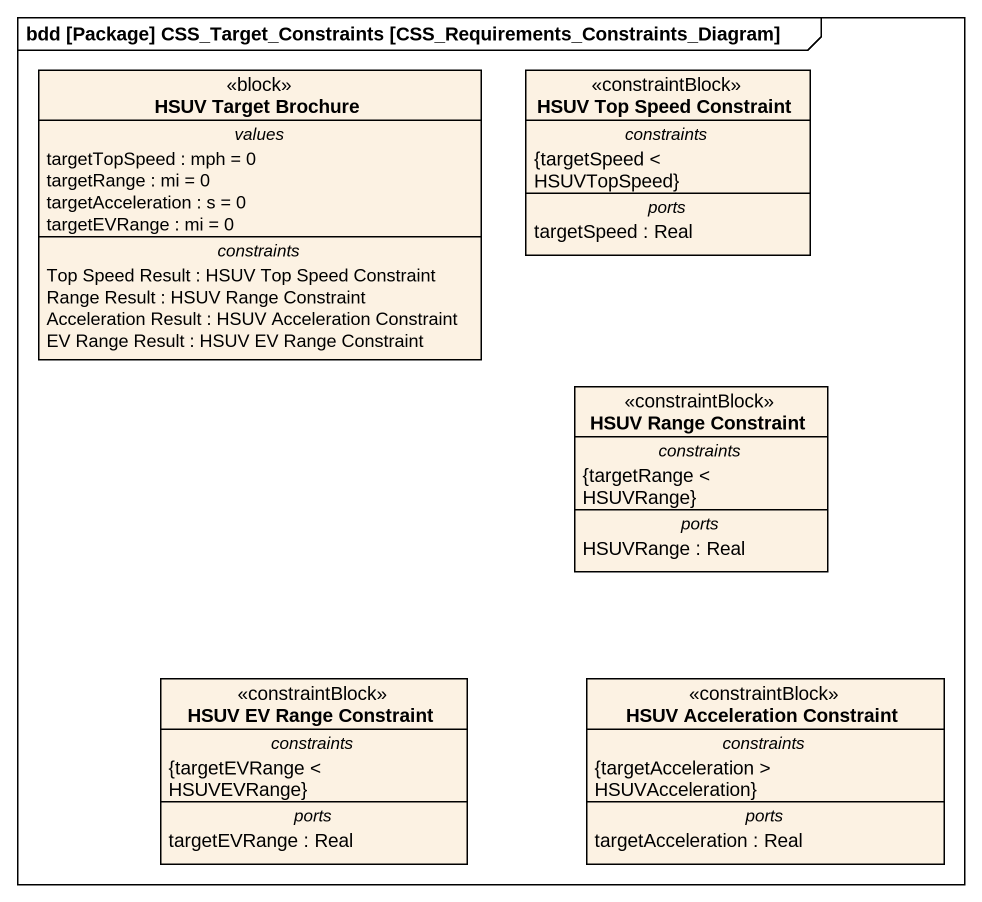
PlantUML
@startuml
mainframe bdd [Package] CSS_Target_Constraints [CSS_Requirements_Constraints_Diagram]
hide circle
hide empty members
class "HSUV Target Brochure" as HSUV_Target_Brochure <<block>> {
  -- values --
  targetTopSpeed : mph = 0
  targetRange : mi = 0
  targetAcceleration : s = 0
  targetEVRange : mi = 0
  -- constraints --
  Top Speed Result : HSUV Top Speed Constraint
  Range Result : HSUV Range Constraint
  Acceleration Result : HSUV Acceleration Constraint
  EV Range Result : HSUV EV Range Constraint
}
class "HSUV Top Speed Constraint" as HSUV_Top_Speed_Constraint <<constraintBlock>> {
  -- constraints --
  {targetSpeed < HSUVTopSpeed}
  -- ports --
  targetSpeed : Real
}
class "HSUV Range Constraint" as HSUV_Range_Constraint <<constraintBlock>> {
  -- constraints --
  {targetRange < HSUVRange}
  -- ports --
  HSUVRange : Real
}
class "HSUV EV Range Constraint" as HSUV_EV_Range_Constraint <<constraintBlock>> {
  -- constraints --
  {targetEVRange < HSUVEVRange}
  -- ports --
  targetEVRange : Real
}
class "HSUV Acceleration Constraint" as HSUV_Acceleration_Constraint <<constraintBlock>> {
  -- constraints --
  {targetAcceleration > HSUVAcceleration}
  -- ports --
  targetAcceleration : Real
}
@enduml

****************************************

Please retype the records above starting with the line that contains "as HSUV_Target_Brochure <<block>>" and stopping after the last line, changing nothing.

class "HSUV Target Brochure" as HSUV_Target_Brochure <<block>> {
  -- values --
  targetTopSpeed : mph = 0
  targetRange : mi = 0
  targetAcceleration : s = 0
  targetEVRange : mi = 0
  -- constraints --
  Top Speed Result : HSUV Top Speed Constraint
  Range Result : HSUV Range Constraint
  Acceleration Result : HSUV Acceleration Constraint
  EV Range Result : HSUV EV Range Constraint
}
class "HSUV Top Speed Constraint" as HSUV_Top_Speed_Constraint <<constraintBlock>> {
  -- constraints --
  {targetSpeed < HSUVTopSpeed}
  -- ports --
  targetSpeed : Real
}
class "HSUV Range Constraint" as HSUV_Range_Constraint <<constraintBlock>> {
  -- constraints --
  {targetRange < HSUVRange}
  -- ports --
  HSUVRange : Real
}
class "HSUV EV Range Constraint" as HSUV_EV_Range_Constraint <<constraintBlock>> {
  -- constraints --
  {targetEVRange < HSUVEVRange}
  -- ports --
  targetEVRange : Real
}
class "HSUV Acceleration Constraint" as HSUV_Acceleration_Constraint <<constraintBlock>> {
  -- constraints --
  {targetAcceleration > HSUVAcceleration}
  -- ports --
  targetAcceleration : Real
}
@enduml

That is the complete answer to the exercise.